The FBI's "Steam Malware Investigation" alert, which was made public on March 11, is asking those affected to come forward voluntarily, as federal investigators probe a cybercriminal suspected of distributing multiple malware-infected games on Valve's Steam platform.
The FBI believes the threat actor primarily targeted users between the timeframe of May 2024 and January 2026, with seven specific games identified: BlockBlasters, Chemia, Dashverse/DashFPS, Lampy, Lunara, PirateFi, and Tokenova. The games were removed from Valve's storefront earlier this year, but authorities continue investigating the scope of the operation.
BlockBlasters is the most notorious example, stealing $32,000 from streamer Raivo Plavnieks (RastalandTV) during a cancer fundraising stream on Twitch. Pretty much all of these games are crypto scams that drain your wallets once launched, with the malware harvesting browser cookies, Discord tokens, Steam credentials, cryptocurrency wallet seeds, or gaming marketplace logins.
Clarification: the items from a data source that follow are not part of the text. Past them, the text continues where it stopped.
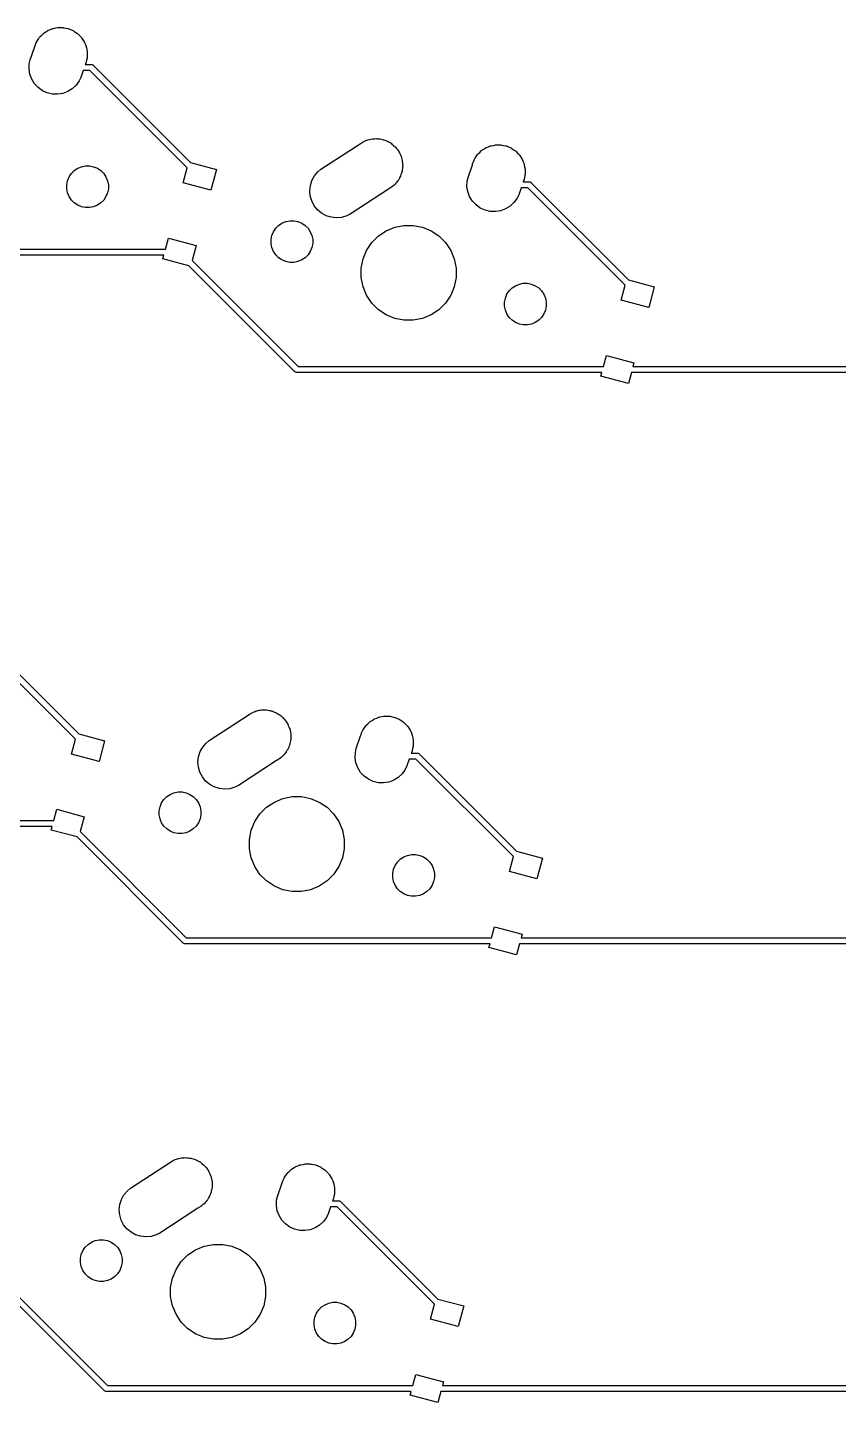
# Model space of a CAD drawing. Extents: x -26.1 to -7.5, y -7.6 to -2.3.
# Drawn here: x -16.055 to -14.713, y -5.075 to -2.801 of the extents above; entities that cross this region are included whole.
import ezdxf

# ---------------------------------------------------------------- set-up
doc = ezdxf.new("R2010")
doc.units = 0
doc.header["$MEASUREMENT"] = 0
doc.layers.add('BLACK', color=7, linetype='CONTINUOUS')

msp = doc.modelspace()

# ---------------------------------------------------------------- linework, layer by layer
at = {"layer": 'BLACK', "linetype": 'CONTINUOUS'}
for p, q in [((-16.0386, -2.82258), (-16.0365, -2.81969)), ((-16.0365, -2.81969), (-16.0346, -2.81673)), ((-16.0346, -2.81673), (-16.034, -2.81616)), ((-16.034, -2.81616), (-16.0335, -2.8155)), ((-16.0335, -2.8155), (-16.0309, -2.81308)), ((-16.0309, -2.81308), (-16.0284, -2.81056)), ((-16.0284, -2.81056), (-16.0277, -2.81011)), ((-16.0277, -2.81011), (-16.0271, -2.80956)), ((-16.0271, -2.80956), (-16.0241, -2.80769)), ((-16.0241, -2.80769), (-16.0211, -2.80571)), ((-16.0211, -2.80571), (-16.0204, -2.8054)), ((-16.0204, -2.8054), (-16.0197, -2.80498)), ((-16.0197, -2.80498), (-16.0164, -2.80374)), ((-16.0164, -2.80374), (-16.0131, -2.80237)), ((-16.0131, -2.80237), (-16.0123, -2.80221)), ((-16.0123, -2.80221), (-16.0115, -2.80193)), ((-16.0115, -2.80193), (-16.008, -2.80136)), ((-16.008, -2.80136), (-16.0045, -2.80067)), ((-16.0045, -2.80067), (-16.0037, -2.80067)), ((-16.0037, -2.80067), (-16.0029, -2.80054)), ((-16.0029, -2.80054), (-15.9993, -2.80067)), ((-15.9993, -2.80067), (-15.9958, -2.80067)), ((-15.9958, -2.80067), (-15.995, -2.80083)), ((-15.995, -2.80083), (-15.9942, -2.80086)), ((-15.9942, -2.80086), (-15.9907, -2.80168)), ((-15.9907, -2.80168), (-15.9872, -2.80237)), ((-15.9872, -2.80237), (-15.9865, -2.80268)), ((-15.9865, -2.80268), (-15.9857, -2.80287)), ((-15.9857, -2.80287), (-15.9825, -2.80435)), ((-15.9825, -2.80435), (-15.9792, -2.80571)), ((-15.9792, -2.80571), (-15.9785, -2.80616)), ((-15.9785, -2.80616), (-15.9778, -2.80649)), ((-15.9778, -2.80649), (-15.9749, -2.80858)), ((-15.9749, -2.80858), (-15.9719, -2.81056)), ((-15.9719, -2.81056), (-15.9713, -2.81113)), ((-15.9713, -2.81113), (-15.9707, -2.8116)), ((-15.9707, -2.8116), (-15.9683, -2.81421)), ((-15.9683, -2.81421), (-15.9657, -2.81673)), ((-15.9657, -2.81673), (-15.9653, -2.8174)), ((-15.9653, -2.8174), (-15.9647, -2.81799)), ((-15.9647, -2.81799), (-15.9629, -2.82102)), ((-16.0502, -2.85429), (-16.043, -2.8334)), ((-16.043, -2.8334), (-16.0427, -2.83204)), ((-16.0427, -2.83204), (-16.0416, -2.82928)), ((-16.0416, -2.82928), (-16.0413, -2.82852)), ((-16.0413, -2.82852), (-16.0408, -2.82727)), ((-16.0408, -2.82727), (-16.0394, -2.82398)), ((-16.0394, -2.82398), (-16.0389, -2.82331)), ((-16.0389, -2.82331), (-16.0386, -2.82258)), ((-15.9629, -2.82102), (-15.9609, -2.82398)), ((-15.9609, -2.82398), (-15.9606, -2.82473)), ((-15.9606, -2.82473), (-15.9602, -2.82541)), ((-15.9602, -2.82541), (-15.9589, -2.82875)), ((-15.9589, -2.82875), (-15.9576, -2.83204)), ((-15.9576, -2.83204), (-15.9574, -2.83283)), ((-15.9574, -2.83283), (-15.9571, -2.83359)), ((-15.9571, -2.83359), (-15.9566, -2.8371)), ((-15.9566, -2.8371), (-15.9559, -2.8406)), ((-15.9559, -2.8406), (-15.9559, -2.84141)), ((-15.9559, -2.84141), (-15.9557, -2.8422)), ((-15.9557, -2.8422), (-15.9559, -2.84576)), ((-16.052, -2.86937), (-16.0517, -2.86065)), ((-16.0517, -2.86065), (-16.0502, -2.85429)), ((-15.9587, -2.86064), (-15.959, -2.86161)), ((-15.959, -2.86161), (-15.9497, -2.86161)), ((-15.9576, -2.85788), (-15.9587, -2.86064)), ((-15.9569, -2.85439), (-15.9576, -2.85788)), ((-15.956, -2.85092), (-15.9569, -2.85439)), ((-15.9559, -2.84932), (-15.956, -2.85011)), ((-15.956, -2.85011), (-15.956, -2.85092)), ((-15.9559, -2.84576), (-15.9559, -2.84932)), ((-15.9497, -2.86161), (-15.9494, -2.86159)), ((-15.9494, -2.86159), (-15.9492, -2.86161)), ((-15.9492, -2.86161), (-15.9485, -2.86168)), ((-15.9485, -2.86168), (-15.9475, -2.86197)), ((-15.9475, -2.86197), (-15.9466, -2.86243)), ((-15.9466, -2.86243), (-15.9459, -2.86306)), ((-15.9459, -2.86306), (-15.9457, -2.86325)), ((-15.9457, -2.86325), (-15.7849, -3.02411)), ((-16.0506, -2.87798), (-16.052, -2.86937)), ((-16.0476, -2.88616), (-16.0506, -2.87798)), ((-16.043, -2.89358), (-16.0476, -2.88616)), ((-15.9664, -2.88305), (-15.9691, -2.88899)), ((-15.9625, -2.87161), (-15.9664, -2.88305)), ((-15.9515, -2.87161), (-15.9625, -2.87161)), ((-15.7903, -3.03286), (-15.9515, -2.87161)), ((-16.037, -2.89997), (-16.043, -2.89358)), ((-16.03, -2.90508), (-16.037, -2.89997)), ((-16.022, -2.9087), (-16.03, -2.90508)), ((-16.0135, -2.91071), (-16.022, -2.9087)), ((-16.0048, -2.91103), (-16.0135, -2.91071)), ((-15.9962, -2.90964), (-16.0048, -2.91103)), ((-15.988, -2.90659), (-15.9962, -2.90964)), ((-15.9806, -2.90201), (-15.988, -2.90659)), ((-15.9742, -2.89607), (-15.9806, -2.90201)), ((-15.9691, -2.88899), (-15.9742, -2.89607)), ((-15.5691, -3.03505), (-15.5028, -2.99182)), ((-15.5028, -2.99182), (-15.4994, -2.98954)), ((-15.4994, -2.98954), (-15.4971, -2.98861)), ((-15.4971, -2.98861), (-15.4949, -2.98748)), ((-15.4949, -2.98748), (-15.4931, -2.98694)), ((-15.4931, -2.98694), (-15.4913, -2.9862)), ((-15.4913, -2.9862), (-15.4889, -2.98572)), ((-15.4889, -2.98572), (-15.4866, -2.98504)), ((-15.4866, -2.98504), (-15.4846, -2.98488)), ((-15.4846, -2.98488), (-15.4827, -2.9845)), ((-15.4827, -2.9845), (-15.4803, -2.9845)), ((-15.4803, -2.9845), (-15.4779, -2.98429)), ((-15.4779, -2.98429), (-15.4759, -2.9845)), ((-15.4759, -2.9845), (-15.474, -2.9845)), ((-15.474, -2.9845), (-15.4716, -2.98497)), ((-15.4716, -2.98497), (-15.4692, -2.98524)), ((-15.4692, -2.98524), (-15.4674, -2.98582)), ((-15.4674, -2.98582), (-15.4655, -2.9862)), ((-15.4655, -2.9862), (-15.4632, -2.98713)), ((-15.4632, -2.98713), (-15.4609, -2.98787)), ((-15.4609, -2.98787), (-15.4592, -2.9888)), ((-15.4592, -2.9888), (-15.4574, -2.98954)), ((-15.4574, -2.98954), (-15.4554, -2.99089)), ((-15.4554, -2.99089), (-15.4532, -2.99207)), ((-15.4532, -2.99207), (-15.4517, -2.99331)), ((-15.4517, -2.99331), (-15.4501, -2.99439)), ((-15.4501, -2.99439), (-15.4484, -2.99611)), ((-15.4484, -2.99611), (-15.4465, -2.99768)), ((-15.4465, -2.99768), (-15.4453, -2.99919)), ((-15.4453, -2.99919), (-15.444, -3.00056)), ((-15.444, -3.00056), (-15.4426, -3.00258)), ((-15.3027, -3.00367), (-15.2996, -3.0018)), ((-15.2996, -3.0018), (-15.2967, -2.99982)), ((-15.2967, -2.99982), (-15.2959, -2.99952)), ((-15.2959, -2.99952), (-15.2953, -2.99909)), ((-15.2953, -2.99909), (-15.2919, -2.99785)), ((-15.2919, -2.99785), (-15.2886, -2.99649)), ((-15.2886, -2.99649), (-15.2878, -2.99633)), ((-15.2878, -2.99633), (-15.2871, -2.99605)), ((-15.2871, -2.99605), (-15.2836, -2.99548)), ((-15.2836, -2.99548), (-15.2801, -2.99478)), ((-15.2801, -2.99478), (-15.2793, -2.99478)), ((-15.2793, -2.99478), (-15.2785, -2.99465)), ((-15.2785, -2.99465), (-15.2749, -2.99478)), ((-15.2749, -2.99478), (-15.2713, -2.99478)), ((-15.2713, -2.99478), (-15.2705, -2.99494)), ((-15.2705, -2.99494), (-15.2697, -2.99497)), ((-15.2697, -2.99497), (-15.2663, -2.99579)), ((-15.2663, -2.99579), (-15.2628, -2.99649)), ((-15.2628, -2.99649), (-15.262, -2.99679)), ((-15.262, -2.99679), (-15.2613, -2.99698)), ((-15.2613, -2.99698), (-15.258, -2.99846)), ((-15.258, -2.99846), (-15.2547, -2.99982)), ((-15.2547, -2.99982), (-15.2541, -3.00027)), ((-15.2541, -3.00027), (-15.2533, -3.00061)), ((-15.2533, -3.00061), (-15.2504, -3.00269)), ((-15.7849, -3.02411), (-15.7421, -3.03557)), ((-15.4426, -3.00258), (-15.4411, -3.00449)), ((-15.4411, -3.00449), (-15.4402, -3.0062)), ((-15.4402, -3.0062), (-15.4391, -3.00781)), ((-15.4391, -3.00781), (-15.4382, -3.01006)), ((-15.4382, -3.01006), (-15.4371, -3.01223)), ((-15.4371, -3.01223), (-15.4365, -3.01408)), ((-15.4365, -3.01408), (-15.4358, -3.01587)), ((-15.4358, -3.01587), (-15.4353, -3.01826)), ((-15.4353, -3.01826), (-15.4346, -3.0206)), ((-15.4346, -3.0206), (-15.4345, -3.02253)), ((-15.4345, -3.02253), (-15.4341, -3.02443)), ((-15.4341, -3.02443), (-15.4341, -3.02687)), ((-15.3183, -3.02616), (-15.3171, -3.02339)), ((-15.3171, -3.02339), (-15.3169, -3.02264)), ((-15.3169, -3.02264), (-15.3163, -3.02139)), ((-15.3163, -3.02139), (-15.315, -3.01809)), ((-15.315, -3.01809), (-15.3145, -3.01742)), ((-15.3145, -3.01742), (-15.3142, -3.01669)), ((-15.3142, -3.01669), (-15.3121, -3.0138)), ((-15.3121, -3.0138), (-15.3101, -3.01084)), ((-15.3101, -3.01084), (-15.3095, -3.01027)), ((-15.3095, -3.01027), (-15.3091, -3.00962)), ((-15.3091, -3.00962), (-15.3065, -3.00719)), ((-15.3065, -3.00719), (-15.3039, -3.00467)), ((-15.3039, -3.00467), (-15.3033, -3.00422)), ((-15.3033, -3.00422), (-15.3027, -3.00367)), ((-15.2504, -3.00269), (-15.2475, -3.00467)), ((-15.2475, -3.00467), (-15.2469, -3.00524)), ((-15.2469, -3.00524), (-15.2462, -3.00571)), ((-15.2462, -3.00571), (-15.2438, -3.00832)), ((-15.2438, -3.00832), (-15.2413, -3.01084)), ((-15.2413, -3.01084), (-15.2409, -3.01151)), ((-15.2409, -3.01151), (-15.2403, -3.0121)), ((-15.2403, -3.0121), (-15.2384, -3.01513)), ((-15.2384, -3.01513), (-15.2365, -3.01809)), ((-15.2365, -3.01809), (-15.2361, -3.01884)), ((-15.2361, -3.01884), (-15.2357, -3.01953)), ((-15.2357, -3.01953), (-15.2345, -3.02286)), ((-15.2345, -3.02286), (-15.2331, -3.02616)), ((-15.9884, -3.05398), (-15.9858, -3.04771)), ((-15.9858, -3.04771), (-15.9821, -3.04207)), ((-15.9821, -3.04207), (-15.9773, -3.03727)), ((-15.9773, -3.03727), (-15.9716, -3.0335)), ((-15.9716, -3.0335), (-15.9654, -3.0309)), ((-15.9654, -3.0309), (-15.9587, -3.02958)), ((-15.9587, -3.02958), (-15.9519, -3.02958)), ((-15.9519, -3.02958), (-15.9453, -3.0309)), ((-15.9453, -3.0309), (-15.939, -3.0335)), ((-15.939, -3.0335), (-15.9334, -3.03727)), ((-15.9334, -3.03727), (-15.9286, -3.04207)), ((-15.9286, -3.04207), (-15.9248, -3.04771)), ((-15.9248, -3.04771), (-15.9222, -3.05398)), ((-15.7969, -3.05757), (-15.7903, -3.03286)), ((-15.7421, -3.03557), (-15.7512, -3.0698)), ((-15.584, -3.05347), (-15.5798, -3.04582)), ((-15.5798, -3.04582), (-15.5742, -3.03914)), ((-15.5742, -3.03914), (-15.5691, -3.03505)), ((-15.4375, -3.04629), (-15.4384, -3.04798)), ((-15.4367, -3.04396), (-15.4375, -3.04629)), ((-15.4358, -3.04171), (-15.4367, -3.04396)), ((-15.4354, -3.03981), (-15.4358, -3.04171)), ((-15.4348, -3.03797), (-15.4354, -3.03981)), ((-15.4346, -3.03554), (-15.4348, -3.03797)), ((-15.4341, -3.03315), (-15.4346, -3.03554)), ((-15.4341, -3.02687), (-15.4339, -3.02929)), ((-15.4339, -3.02929), (-15.4341, -3.03122)), ((-15.4341, -3.03122), (-15.4341, -3.03315)), ((-15.3257, -3.0484), (-15.3186, -3.02751)), ((-15.3186, -3.02751), (-15.3183, -3.02616)), ((-15.2331, -3.02616), (-15.233, -3.02695)), ((-15.233, -3.02695), (-15.2327, -3.0277)), ((-15.2327, -3.0277), (-15.2321, -3.03122)), ((-15.2316, -3.04503), (-15.2324, -3.0485)), ((-15.2321, -3.03122), (-15.2314, -3.03471)), ((-15.2314, -3.04344), (-15.2316, -3.04423)), ((-15.2316, -3.04423), (-15.2316, -3.04503)), ((-15.2314, -3.03471), (-15.2314, -3.03552)), ((-15.2314, -3.03552), (-15.2313, -3.03632)), ((-15.2313, -3.03632), (-15.2314, -3.03987)), ((-15.2314, -3.03987), (-15.2314, -3.04344)), ((-15.9898, -3.06063), (-15.9884, -3.05398)), ((-15.9898, -3.06742), (-15.9898, -3.06063)), ((-15.9884, -3.07408), (-15.9898, -3.06742)), ((-15.9222, -3.05398), (-15.9209, -3.06063)), ((-15.9209, -3.06742), (-15.9222, -3.07408)), ((-15.9209, -3.06063), (-15.9209, -3.06742)), ((-15.7512, -3.0698), (-15.7969, -3.05757)), ((-15.5876, -3.07046), (-15.5866, -3.06179)), ((-15.5868, -3.07915), (-15.5876, -3.07046)), ((-15.5866, -3.06179), (-15.584, -3.05347)), ((-15.4576, -3.06814), (-15.5207, -3.10925)), ((-15.4574, -3.06804), (-15.4576, -3.06814)), ((-15.454, -3.06576), (-15.4574, -3.06804)), ((-15.4524, -3.06471), (-15.454, -3.06576)), ((-15.4522, -3.06455), (-15.4524, -3.06471)), ((-15.4501, -3.06319), (-15.4522, -3.06455)), ((-15.4488, -3.06183), (-15.4501, -3.06319)), ((-15.4473, -3.06061), (-15.4488, -3.06183)), ((-15.4457, -3.05875), (-15.4473, -3.06061)), ((-15.444, -3.05702), (-15.4457, -3.05875)), ((-15.4429, -3.05542), (-15.444, -3.05702)), ((-15.4416, -3.05393), (-15.4429, -3.05542)), ((-15.4405, -3.0518), (-15.4416, -3.05393)), ((-15.4391, -3.04977), (-15.4405, -3.0518)), ((-15.4384, -3.04798), (-15.4391, -3.04977)), ((-15.3276, -3.06348), (-15.3272, -3.05476)), ((-15.3262, -3.0721), (-15.3276, -3.06348)), ((-15.3272, -3.05476), (-15.3257, -3.0484)), ((-15.238, -3.06572), (-15.2419, -3.07716)), ((-15.2271, -3.06572), (-15.238, -3.06572)), ((-15.2343, -3.05475), (-15.2346, -3.05572)), ((-15.2346, -3.05572), (-15.2252, -3.05572)), ((-15.2331, -3.05199), (-15.2343, -3.05475)), ((-15.2324, -3.0485), (-15.2331, -3.05199)), ((-15.0658, -3.22698), (-15.2271, -3.06572)), ((-15.2252, -3.05572), (-15.225, -3.0557)), ((-15.225, -3.0557), (-15.2247, -3.05572)), ((-15.2247, -3.05572), (-15.224, -3.0558)), ((-15.224, -3.0558), (-15.2231, -3.05608)), ((-15.2231, -3.05608), (-15.2222, -3.05655)), ((-15.2222, -3.05655), (-15.2214, -3.05717)), ((-15.2214, -3.05717), (-15.2213, -3.05736)), ((-15.2213, -3.05736), (-15.0604, -3.21822)), ((-15.9858, -3.08035), (-15.9884, -3.07408)), ((-15.9821, -3.08599), (-15.9858, -3.08035)), ((-15.9773, -3.09079), (-15.9821, -3.08599)), ((-15.9716, -3.09456), (-15.9773, -3.09079)), ((-15.9334, -3.09079), (-15.939, -3.09456)), ((-15.9286, -3.08599), (-15.9334, -3.09079)), ((-15.9248, -3.08035), (-15.9286, -3.08599)), ((-15.9222, -3.07408), (-15.9248, -3.08035)), ((-15.5844, -3.08753), (-15.5868, -3.07915)), ((-15.5803, -3.09527), (-15.5844, -3.08753)), ((-15.3231, -3.08027), (-15.3262, -3.0721)), ((-15.3185, -3.0877), (-15.3231, -3.08027)), ((-15.3126, -3.09408), (-15.3185, -3.0877)), ((-15.2498, -3.09018), (-15.2562, -3.09612)), ((-15.2447, -3.08311), (-15.2498, -3.09018)), ((-15.2419, -3.07716), (-15.2447, -3.08311)), ((-15.9654, -3.09715), (-15.9716, -3.09456)), ((-15.9587, -3.09848), (-15.9654, -3.09715)), ((-15.9519, -3.09848), (-15.9587, -3.09848)), ((-15.9453, -3.09715), (-15.9519, -3.09848)), ((-15.939, -3.09456), (-15.9453, -3.09715)), ((-15.5749, -3.10207), (-15.5803, -3.09527)), ((-15.5682, -3.10768), (-15.5749, -3.10207)), ((-15.5606, -3.11188), (-15.5682, -3.10768)), ((-15.5522, -3.11451), (-15.5606, -3.11188)), ((-15.5436, -3.11547), (-15.5522, -3.11451)), ((-15.5349, -3.11471), (-15.5436, -3.11547)), ((-15.5265, -3.11227), (-15.5349, -3.11471)), ((-15.5207, -3.10925), (-15.5265, -3.11227)), ((-15.3055, -3.09919), (-15.3126, -3.09408)), ((-15.2976, -3.10282), (-15.3055, -3.09919)), ((-15.2891, -3.10483), (-15.2976, -3.10282)), ((-15.2804, -3.10514), (-15.2891, -3.10483)), ((-15.2718, -3.10375), (-15.2804, -3.10514)), ((-15.2636, -3.10071), (-15.2718, -3.10375)), ((-15.2562, -3.09612), (-15.2636, -3.10071)), ((-15.6504, -3.14457), (-15.6478, -3.1383)), ((-15.6478, -3.1383), (-15.644, -3.13265)), ((-15.644, -3.13265), (-15.6392, -3.12786)), ((-15.6392, -3.12786), (-15.6336, -3.12409)), ((-15.6336, -3.12409), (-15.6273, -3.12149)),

Victims may be eligible for certain services, restitution, and rights under federal and/or state law, with all identities kept confidential. Potential victims can fill out the "Seeking Victim Information" form on the FBI's website or send details to Steam_Malware@fbi.gov.
Steam has recorded more than 34 million concurrent users in recent years, meaning even small malware campaigns can translate to tens of thousands of compromised machines. The investigation highlights ongoing challenges in policing one of the world's largest gaming platforms.